Records drawn from a dataset:
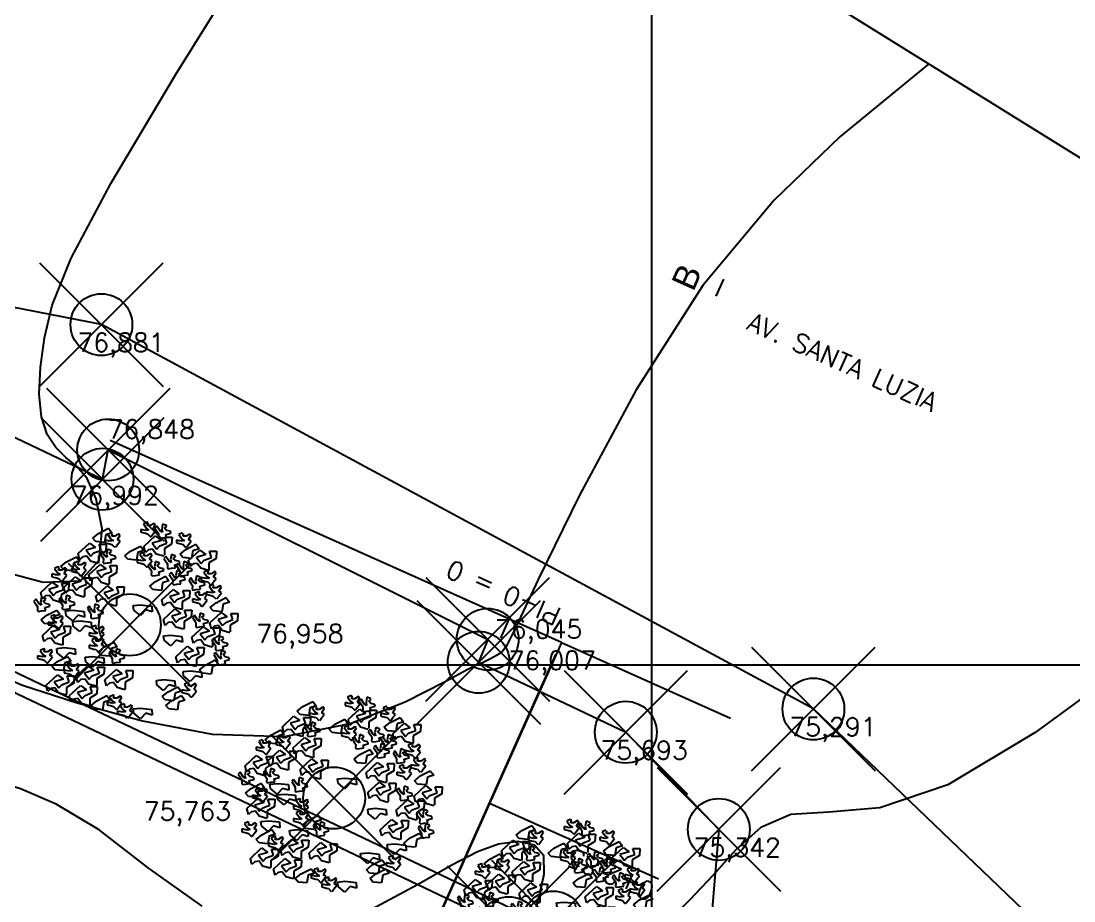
# Model space of a CAD drawing. Header units: inches. Extents: x 555647 to 1112117, y 8563097 to 17126483.
# Drawn here: x 555689.79 to 555706.83, y 8563256.18 to 8563270.42 of the extents above; entities that cross this region are included whole.
import ezdxf

# ---------------------------------------------------------------- set-up
doc = ezdxf.new("R2010")
doc.units = ezdxf.units.IN
doc.header["$MEASUREMENT"] = 0
doc.header["$PDMODE"] = 35
doc.header["$PDSIZE"] = -1
doc.linetypes.add('CENTER', pattern=[50.8, 31.75, -6.35, 6.35, -6.35])
doc.linetypes.add('CONTINUO', pattern=[0])
for name, color, linetype in [('_ALVENARIA', 7, 'CONTINUO'), ('_ARVORE', 7, 'CONTINUO'), ('_MF', 7, 'CONTINUO'), ('_MURO', 7, 'CONTINUO'), ('_PN', 7, 'CONTINUO'), ('ALVENARIA', 252, 'CONTINUO'), ('CurvasTG', 7, 'CONTINUO'), ('INDIC. CORTE', 3, 'CENTER'), ('MALHA', 8, 'Continuous'), ('MF', 6, 'CONTINUO'), ('MURO', 5, 'CONTINUO'), ('PN', 7, 'CONTINUO')]:
    doc.layers.add(name, color=color, linetype=linetype)
doc.styles.add('SIMPLEX', font='simplex.shx', dxfattribs={"height": 0.3})
doc.styles.add('SWIS', font='swissl.ttf')

# ---------------------------------------------------------------- blocks, each defined once
blk = doc.blocks.new('SIMB_PONTO')
at = {"color": 0}
blk.add_point((0, 0), dxfattribs=at)
for tag in ['desc:', 'cota:', 'pto:']:
    blk.add_attdef(tag, (0, 0), '', height=1)
blk = doc.blocks.new('SIMB_AMENDOEIRA')
at = {"color": 0, "linetype": 'Continuous', "flags": 128}
for points in [[(-0.506, 1.48), (-0.345, 1.563)], [(-0.345, 1.563), (-0.29, 1.49)], [(0.178, 1.543), (0.178, 1.499)], [(0.26, 1.526), (0.178, 1.543)], [(0.277, 1.659), (0.219, 1.632)], [(0.219, 1.632), (0.269, 1.561)], [(0.31, 1.535), (0.26, 1.526)], [(0.269, 1.561), (0.31, 1.535)], [(0.294, 1.65), (0.277, 1.659)], [(0.285, 1.606), (0.294, 1.65)], [(0.335, 1.606), (0.285, 1.606)], [(0.393, 1.641), (0.335, 1.606)], [(0.376, 1.552), (0.418, 1.623)], [(0.418, 1.526), (0.376, 1.552)], [(0.418, 1.623), (0.393, 1.641)], [(0.439, 1.597), (0.407, 1.565)], [(0.407, 1.565), (0.448, 1.5)], [(0.485, 1.525), (0.439, 1.597)], [(0.531, 1.63), (0.516, 1.545)], [(0.516, 1.545), (0.526, 1.497)], [(0.591, 1.608), (0.531, 1.63)], [(0.559, 1.564), (0.596, 1.59)], [(0.594, 1.529), (0.559, 1.564)], [(0.596, 1.59), (0.591, 1.608)], [(-0.6, 1.404), (-0.506, 1.48)], [(-0.552, 1.349), (-0.6, 1.404)], [(-0.391, 1.458), (-0.412, 1.334)], [(-0.316, 1.353), (-0.398, 1.371)], [(-0.398, 1.371), (-0.398, 1.326)], [(-0.29, 1.49), (-0.391, 1.458)], [(-0.299, 1.486), (-0.357, 1.459)], [(-0.357, 1.459), (-0.307, 1.388)], [(-0.307, 1.388), (-0.266, 1.362)], [(-0.282, 1.477), (-0.299, 1.486)], [(-0.291, 1.433), (-0.282, 1.477)], [(-0.241, 1.433), (-0.291, 1.433)], [(-0.183, 1.468), (-0.241, 1.433)], [(-0.2, 1.379), (-0.158, 1.451)], [(-0.158, 1.353), (-0.2, 1.379)], [(-0.158, 1.451), (-0.183, 1.468)], [(0.178, 1.499), (0.252, 1.481)], [(0.229, 1.27), (0.411, 1.438)], [(0.252, 1.481), (0.285, 1.472)], [(0.285, 1.472), (0.327, 1.428)], [(0.327, 1.428), (0.343, 1.428)], [(0.343, 1.428), (0.376, 1.472)], [(0.51, 1.367), (0.361, 1.323)], [(0.376, 1.472), (0.418, 1.526)], [(0.411, 1.438), (0.51, 1.367)], [(0.448, 1.5), (0.465, 1.47)], [(0.465, 1.47), (0.463, 1.41)], [(0.463, 1.41), (0.474, 1.398)], [(0.474, 1.398), (0.529, 1.406)], [(0.526, 1.497), (0.485, 1.525)], [(0.529, 1.406), (0.596, 1.414)], [(0.601, 1.323), (0.568, 1.42)], [(0.568, 1.42), (0.684, 1.42)], [(0.585, 1.462), (0.665, 1.483)], [(0.596, 1.414), (0.585, 1.462)], [(0.66, 1.513), (0.594, 1.529)], [(0.665, 1.483), (0.66, 1.513)], [(0.684, 1.42), (0.676, 1.305)], [(0.754, 1.371), (0.754, 1.326)], [(0.836, 1.353), (0.754, 1.371)], [(0.853, 1.486), (0.795, 1.459)], [(0.795, 1.459), (0.845, 1.388)], [(0.845, 1.388), (0.886, 1.362)], [(0.861, 1.433), (0.87, 1.477)], [(0.911, 1.433), (0.861, 1.433)], [(0.969, 1.468), (0.911, 1.433)], [(0.952, 1.379), (0.994, 1.451)], [(0.994, 1.353), (0.952, 1.379)], [(0.994, 1.451), (0.969, 1.468)], [(-0.837, 1.154), (-0.655, 1.323)], [(-0.556, 1.252), (-0.705, 1.208)], [(-0.705, 1.208), (-0.63, 1.11)], [(-0.655, 1.323), (-0.556, 1.252)], [(-0.58, 1.163), (-0.464, 1.208)], [(-0.412, 1.334), (-0.552, 1.349)], [(-0.464, 1.208), (-0.498, 1.305)], [(-0.498, 1.305), (-0.382, 1.305)], [(-0.454, 1.193), (-0.485, 1.162)], [(-0.408, 1.122), (-0.454, 1.193)], [(-0.398, 1.326), (-0.324, 1.309)], [(-0.382, 1.305), (-0.39, 1.19)], [(-0.362, 1.227), (-0.377, 1.141)], [(-0.302, 1.205), (-0.362, 1.227)], [(-0.324, 1.309), (-0.291, 1.3)], [(-0.266, 1.362), (-0.316, 1.353)], [(-0.297, 1.187), (-0.302, 1.205)], [(-0.291, 1.3), (-0.249, 1.255)], [(-0.233, 1.255), (-0.2, 1.3)], [(-0.2, 1.3), (-0.158, 1.353)], [(0.013, 1.192), (0.173, 1.275)], [(0.229, 1.202), (0.128, 1.17)], [(0.173, 1.275), (0.229, 1.202)], [(0.253, 1.172), (0.229, 1.27)], [(0.303, 1.216), (0.253, 1.172)], [(0.369, 1.225), (0.303, 1.216)], [(0.361, 1.323), (0.435, 1.225)], [(0.427, 1.145), (0.369, 1.225)], [(0.435, 1.225), (0.485, 1.279)], [(0.485, 1.279), (0.601, 1.323)], [(0.676, 1.305), (0.56, 1.234)], [(0.56, 1.234), (0.56, 1.128)], [(0.754, 1.326), (0.828, 1.309)], [(0.812, 1.144), (0.906, 1.221)], [(0.828, 1.309), (0.861, 1.3)], [(0.886, 1.362), (0.836, 1.353)], [(0.861, 1.3), (0.903, 1.255)], [(0.903, 1.255), (0.919, 1.255)], [(0.906, 1.221), (1.066, 1.304)], [(0.919, 1.255), (0.952, 1.3)], [(0.949, 1.039), (1.131, 1.208)], [(0.952, 1.3), (0.994, 1.353)], [(1.021, 1.199), (1, 1.075)], [(1.121, 1.231), (1.021, 1.199)], [(1.066, 1.304), (1.121, 1.231)], [(1.131, 1.208), (1.23, 1.137)], [(-1.024, 1.019), (-0.864, 1.102)], [(-0.808, 1.029), (-0.909, 0.997)], [(-0.846, 1.025), (-0.904, 0.998)], [(-0.864, 1.102), (-0.808, 1.029)], [(-0.83, 1.016), (-0.846, 1.025)], [(-0.812, 1.057), (-0.837, 1.154)], [(-0.763, 1.101), (-0.812, 1.057)], [(-0.696, 1.11), (-0.763, 1.101)], [(-0.638, 1.03), (-0.696, 1.11)], [(-0.514, 0.995), (-0.638, 1.03)], [(-0.63, 1.11), (-0.58, 1.163)], [(-0.39, 1.19), (-0.506, 1.119)], [(-0.506, 1.119), (-0.506, 1.013)], [(-0.485, 1.162), (-0.445, 1.097)], [(-0.445, 1.097), (-0.428, 1.067)], [(-0.428, 1.067), (-0.43, 1.006)], [(-0.367, 1.093), (-0.408, 1.122)], [(-0.377, 1.141), (-0.367, 1.093)], [(-0.334, 1.161), (-0.297, 1.187)], [(-0.299, 1.126), (-0.334, 1.161)], [(-0.307, 1.059), (-0.228, 1.08)], [(-0.297, 1.011), (-0.307, 1.059)], [(-0.233, 1.11), (-0.299, 1.126)], [(-0.228, 1.08), (-0.233, 1.11)], [(-0.081, 1.116), (0.013, 1.192)], [(-0.034, 1.061), (-0.081, 1.116)], [(0.107, 1.046), (-0.034, 1.061)], [(0.128, 1.17), (0.107, 1.046)], [(0.12, 1.054), (0.12, 1.01)], [(0.203, 1.036), (0.12, 1.054)], [(0.22, 1.169), (0.162, 1.142)], [(0.162, 1.142), (0.211, 1.072)], [(0.253, 1.045), (0.203, 1.036)], [(0.211, 1.072), (0.253, 1.045)], [(0.236, 1.16), (0.22, 1.169)], [(0.228, 1.116), (0.236, 1.16)], [(0.277, 1.116), (0.228, 1.116)], [(0.335, 1.151), (0.277, 1.116)], [(0.319, 1.063), (0.36, 1.134)], [(0.36, 1.036), (0.319, 1.063)], [(0.319, 0.983), (0.36, 1.036)], [(0.36, 1.134), (0.335, 1.151)], [(0.416, 1.025), (0.401, 0.94)], [(0.475, 1.003), (0.416, 1.025)], [(0.551, 1.11), (0.427, 1.145)], [(0.583, 1.107), (0.551, 1.076)], [(0.551, 1.076), (0.592, 1.01)], [(0.629, 1.036), (0.583, 1.107)], [(0.67, 1.007), (0.629, 1.036)], [(0.675, 1.14), (0.66, 1.055)], [(0.66, 1.055), (0.67, 1.007)], [(0.735, 1.118), (0.675, 1.14)], [(0.703, 1.075), (0.74, 1.1)], [(0.738, 1.04), (0.703, 1.075)], [(0.74, 1.1), (0.735, 1.118)], [(0.804, 1.024), (0.738, 1.04)], [(0.809, 0.994), (0.804, 1.024)], [(0.859, 1.089), (0.812, 1.144)], [(1, 1.075), (0.859, 1.089)], [(0.876, 1.025), (0.861, 0.94)], [(0.936, 1.003), (0.876, 1.025)], [(0.973, 0.942), (0.949, 1.039)], [(1.23, 1.137), (1.081, 1.092)], [(1.081, 1.092), (1.155, 0.995)], [(1.155, 0.995), (1.205, 1.048)], [(1.205, 1.048), (1.321, 1.092)], [(1.396, 1.075), (1.28, 1.004)], [(1.321, 1.092), (1.288, 1.19)], [(1.288, 1.19), (1.404, 1.19)], [(1.404, 1.19), (1.396, 1.075)], [(-1.163, 0.939), (-1.221, 0.912)], [(-1.221, 0.912), (-1.171, 0.841)], [(-1.146, 0.93), (-1.163, 0.939)], [(-1.155, 0.886), (-1.146, 0.93)], [(-1.105, 0.886), (-1.155, 0.886)], [(-1.118, 0.943), (-1.024, 1.019)], [(-1.07, 0.888), (-1.118, 0.943)], [(-1.047, 0.921), (-1.105, 0.886)], [(-0.93, 0.874), (-1.07, 0.888)], [(-1.064, 0.832), (-1.022, 0.903)], [(-1.022, 0.903), (-1.047, 0.921)], [(-0.945, 0.91), (-0.945, 0.866)], [(-0.863, 0.892), (-0.945, 0.91)], [(-0.945, 0.866), (-0.871, 0.848)], [(-0.909, 0.997), (-0.93, 0.874)], [(-0.904, 0.998), (-0.854, 0.928)], [(-0.813, 0.901), (-0.863, 0.892)], [(-0.854, 0.928), (-0.813, 0.901)], [(-0.838, 0.972), (-0.83, 1.016)], [(-0.788, 0.972), (-0.838, 0.972)], [(-0.73, 1.007), (-0.788, 0.972)], [(-0.747, 0.919), (-0.705, 0.99)], [(-0.705, 0.892), (-0.747, 0.919)], [(-0.747, 0.839), (-0.705, 0.892)], [(-0.705, 0.99), (-0.73, 1.007)], [(-0.664, 0.809), (-0.482, 0.977)], [(-0.383, 0.906), (-0.532, 0.862)], [(-0.532, 0.862), (-0.457, 0.764)], [(-0.506, 1.013), (-0.514, 0.995)], [(-0.482, 0.977), (-0.383, 0.906)], [(-0.43, 1.006), (-0.419, 0.995)], [(-0.419, 0.995), (-0.364, 1.003)], [(-0.408, 0.818), (-0.292, 0.862)], [(-0.364, 1.003), (-0.297, 1.011)], [(-0.292, 0.862), (-0.325, 0.96)], [(-0.325, 0.96), (-0.209, 0.96)], [(-0.209, 0.96), (-0.217, 0.844)], [(0.12, 1.01), (0.195, 0.992)], [(0.195, 0.992), (0.228, 0.983)], [(0.228, 0.983), (0.269, 0.938)], [(0.269, 0.938), (0.286, 0.938)], [(0.286, 0.938), (0.319, 0.983)], [(0.324, 0.992), (0.292, 0.96)], [(0.292, 0.96), (0.332, 0.895)], [(0.369, 0.921), (0.324, 0.992)], [(0.332, 0.895), (0.349, 0.865)], [(0.349, 0.865), (0.347, 0.805)], [(0.411, 0.892), (0.369, 0.921)], [(0.401, 0.94), (0.411, 0.892)], [(0.444, 0.96), (0.481, 0.985)], [(0.479, 0.924), (0.444, 0.96)], [(0.47, 0.857), (0.55, 0.878)], [(0.481, 0.809), (0.47, 0.857)], [(0.481, 0.985), (0.475, 1.003)], [(0.545, 0.908), (0.479, 0.924)], [(0.55, 0.878), (0.545, 0.908)], [(0.592, 1.01), (0.609, 0.981)], [(0.609, 0.981), (0.607, 0.92)], [(0.607, 0.92), (0.618, 0.908)], [(0.618, 0.908), (0.673, 0.916)], [(0.673, 0.916), (0.74, 0.925)], [(0.729, 0.973), (0.809, 0.994)], [(0.74, 0.925), (0.729, 0.973)], [(0.761, 0.881), (0.746, 0.796)], [(0.784, 0.992), (0.753, 0.96)], [(0.753, 0.96), (0.793, 0.895)], [(0.821, 0.859), (0.761, 0.881)], [(0.83, 0.921), (0.784, 0.992)], [(0.793, 0.895), (0.81, 0.865)], [(0.81, 0.865), (0.808, 0.805)], [(0.826, 0.841), (0.821, 0.859)], [(0.872, 0.892), (0.83, 0.921)], [(0.861, 0.94), (0.872, 0.892)], [(0.904, 0.96), (0.942, 0.985)], [(0.94, 0.924), (0.904, 0.96)], [(0.931, 0.857), (1.011, 0.878)], [(0.942, 0.809), (0.931, 0.857)], [(0.942, 0.985), (0.936, 1.003)], [(1.006, 0.908), (0.94, 0.924)], [(1.023, 0.986), (0.973, 0.942)], [(1.011, 0.878), (1.006, 0.908)], [(1.089, 0.995), (1.023, 0.986)], [(1.147, 0.915), (1.089, 0.995)], [(1.271, 0.88), (1.147, 0.915)], [(1.256, 0.881), (1.198, 0.854)], [(1.198, 0.854), (1.248, 0.784)], [(1.273, 0.872), (1.256, 0.881)], [(1.264, 0.828), (1.273, 0.872)], [(1.28, 0.897), (1.271, 0.88)], [(1.28, 1.004), (1.28, 0.897)], [(1.372, 0.863), (1.314, 0.828)], [(1.397, 0.846), (1.372, 0.863)], [(-1.442, 0.521), (-1.26, 0.689)], [(-1.262, 0.823), (-1.262, 0.779)], [(-1.18, 0.806), (-1.262, 0.823)], [(-1.262, 0.779), (-1.188, 0.761)], [(-1.26, 0.689), (-1.16, 0.618)], [(-1.188, 0.761), (-1.155, 0.752)], [(-1.13, 0.815), (-1.18, 0.806)], [(-1.171, 0.841), (-1.13, 0.815)], [(-1.155, 0.752), (-1.113, 0.708)], [(-1.113, 0.708), (-1.097, 0.708)], [(-1.097, 0.708), (-1.064, 0.752)], [(-1.067, 0.607), (-0.885, 0.776)], [(-1.022, 0.806), (-1.064, 0.832)], [(-1.064, 0.752), (-1.022, 0.806)], [(-0.786, 0.705), (-0.935, 0.66)], [(-0.885, 0.776), (-0.786, 0.705)], [(-0.871, 0.848), (-0.838, 0.839)], [(-0.838, 0.839), (-0.796, 0.794)], [(-0.796, 0.794), (-0.78, 0.794)], [(-0.78, 0.794), (-0.747, 0.839)], [(-0.695, 0.66), (-0.728, 0.758)], [(-0.728, 0.758), (-0.612, 0.758)], [(-0.639, 0.711), (-0.664, 0.809)], [(-0.59, 0.756), (-0.639, 0.711)], [(-0.612, 0.758), (-0.62, 0.643)], [(-0.523, 0.764), (-0.59, 0.756)], [(-0.465, 0.685), (-0.523, 0.764)], [(-0.341, 0.649), (-0.465, 0.685)], [(-0.457, 0.764), (-0.408, 0.818)], [(-0.217, 0.844), (-0.333, 0.773)], [(-0.333, 0.773), (-0.333, 0.667)], [(0.322, 0.626), (0.416, 0.702)], [(0.347, 0.805), (0.359, 0.793)], [(0.359, 0.793), (0.414, 0.801)], [(0.414, 0.801), (0.481, 0.809)], [(0.416, 0.702), (0.576, 0.785)], [(0.632, 0.712), (0.531, 0.68)], [(0.576, 0.785), (0.632, 0.712)], [(0.669, 0.848), (0.638, 0.816)], [(0.638, 0.816), (0.678, 0.751)], [(0.715, 0.777), (0.669, 0.848)], [(0.678, 0.751), (0.695, 0.721)], [(0.695, 0.721), (0.693, 0.661)], [(0.757, 0.748), (0.715, 0.777)], [(0.746, 0.796), (0.757, 0.748)], [(0.789, 0.816), (0.826, 0.841)], [(0.824, 0.78), (0.789, 0.816)], [(0.808, 0.805), (0.82, 0.793)], [(0.816, 0.713), (0.895, 0.734)], [(0.826, 0.665), (0.816, 0.713)], [(0.82, 0.793), (0.875, 0.801)], [(0.89, 0.764), (0.824, 0.78)], [(0.875, 0.801), (0.942, 0.809)], [(0.895, 0.734), (0.89, 0.764)], [(0.986, 0.761), (0.955, 0.73)], [(0.955, 0.73), (0.995, 0.665)], [(1.032, 0.69), (0.986, 0.761)], [(1.073, 0.661), (1.032, 0.69)], [(1.078, 0.795), (1.063, 0.709)], [(1.063, 0.709), (1.073, 0.661)], [(1.138, 0.773), (1.078, 0.795)], [(1.106, 0.729), (1.143, 0.755)], [(1.141, 0.694), (1.106, 0.729)], [(1.143, 0.755), (1.138, 0.773)], [(1.207, 0.678), (1.141, 0.694)], [(1.157, 0.766), (1.157, 0.722)], [(1.24, 0.748), (1.157, 0.766)], [(1.157, 0.722), (1.231, 0.704)], [(1.231, 0.704), (1.264, 0.695)], [(1.289, 0.757), (1.24, 0.748)], [(1.248, 0.784), (1.289, 0.757)], [(1.314, 0.828), (1.264, 0.828)], [(1.264, 0.695), (1.306, 0.65)], [(1.322, 0.65), (1.356, 0.695)], [(1.356, 0.775), (1.397, 0.846)], [(1.397, 0.748), (1.356, 0.775)], [(1.356, 0.695), (1.397, 0.748)], [(-1.417, 0.423), (-1.442, 0.521)], [(-1.16, 0.618), (-1.309, 0.574)], [(-1.309, 0.574), (-1.235, 0.476)], [(-1.235, 0.476), (-1.185, 0.53)], [(-1.185, 0.53), (-1.069, 0.574)], [(-0.995, 0.556), (-1.111, 0.485)], [(-1.102, 0.672), (-0.987, 0.672)], [(-1.069, 0.574), (-1.102, 0.672)], [(-1.043, 0.51), (-1.067, 0.607)], [(-0.993, 0.554), (-1.043, 0.51)], [(-0.987, 0.672), (-0.995, 0.556)], [(-0.927, 0.563), (-0.993, 0.554)], [(-0.935, 0.66), (-0.861, 0.563)], [(-0.869, 0.483), (-0.927, 0.563)], [(-0.861, 0.563), (-0.811, 0.616)], [(-0.811, 0.616), (-0.695, 0.66)], [(-0.62, 0.643), (-0.736, 0.572)], [(-0.736, 0.572), (-0.736, 0.465)], [(-0.549, 0.463), (-0.367, 0.632)], [(-0.268, 0.561), (-0.417, 0.516)], [(-0.417, 0.516), (-0.342, 0.419)], [(-0.367, 0.632), (-0.268, 0.561)], [(-0.333, 0.667), (-0.341, 0.649)], [(-0.292, 0.472), (-0.176, 0.516)], [(-0.176, 0.516), (-0.21, 0.614)], [(-0.21, 0.614), (-0.094, 0.614)], [(-0.094, 0.614), (-0.102, 0.499)], [(0.37, 0.571), (0.322, 0.626)], [(0.51, 0.557), (0.37, 0.571)], [(0.531, 0.68), (0.51, 0.557)], [(0.517, 0.406), (0.699, 0.574)], [(0.693, 0.661), (0.705, 0.649)], [(0.699, 0.574), (0.798, 0.503)], [(0.705, 0.649), (0.759, 0.657)], [(0.759, 0.657), (0.826, 0.665)], [(0.856, 0.556), (0.972, 0.556)], [(0.889, 0.459), (0.856, 0.556)], [(0.972, 0.556), (0.964, 0.441)], [(0.995, 0.665), (1.012, 0.635)], [(1.012, 0.635), (1.01, 0.574)], [(1.01, 0.574), (1.021, 0.563)], [(1.021, 0.563), (1.076, 0.571)], [(1.112, 0.536), (1.054, 0.509)], [(1.076, 0.571), (1.143, 0.579)], [(1.129, 0.527), (1.112, 0.536)], [(1.12, 0.482), (1.129, 0.527)], [(1.133, 0.627), (1.212, 0.648)], [(1.143, 0.579), (1.133, 0.627)], [(1.228, 0.518), (1.17, 0.482)], [(1.212, 0.648), (1.207, 0.678)], [(1.253, 0.5), (1.228, 0.518)], [(1.243, 0.535), (1.243, 0.491)], [(1.326, 0.518), (1.243, 0.535)], [(1.343, 0.651), (1.285, 0.624)], [(1.285, 0.624), (1.334, 0.553)], [(1.306, 0.65), (1.322, 0.65)], [(1.376, 0.527), (1.326, 0.518)], [(1.334, 0.553), (1.376, 0.527)], [(1.359, 0.642), (1.343, 0.651)], [(1.351, 0.598), (1.359, 0.642)], [(1.401, 0.598), (1.351, 0.598)], [(1.459, 0.633), (1.401, 0.598)], [(1.442, 0.544), (1.483, 0.615)], [(1.483, 0.518), (1.442, 0.544)], [(1.442, 0.464), (1.483, 0.518)], [(1.483, 0.615), (1.459, 0.633)], [(-1.52, 0.416), (-1.551, 0.384)], [(-1.551, 0.384), (-1.511, 0.319)], [(-1.474, 0.345), (-1.52, 0.416)], [(-1.432, 0.316), (-1.474, 0.345)], [(-1.428, 0.449), (-1.443, 0.364)], [(-1.443, 0.364), (-1.432, 0.316)], [(-1.368, 0.427), (-1.428, 0.449)], [(-1.367, 0.468), (-1.417, 0.423)], [(-1.4, 0.384), (-1.362, 0.409)], [(-1.364, 0.348), (-1.4, 0.384)], [(-1.362, 0.409), (-1.368, 0.427)], [(-1.301, 0.476), (-1.367, 0.468)], [(-1.298, 0.332), (-1.364, 0.348)], [(-1.243, 0.397), (-1.301, 0.476)], [(-1.119, 0.361), (-1.243, 0.397)], [(-1.116, 0.445), (-1.148, 0.413)], [(-1.148, 0.413), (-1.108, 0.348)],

* [To do] Within the records above, each line containing "pattern" is to be returned.

* [Response to this task]
doc.linetypes.add('CENTER', pattern=[50.8, 31.75, -6.35, 6.35, -6.35])
doc.linetypes.add('CONTINUO', pattern=[0])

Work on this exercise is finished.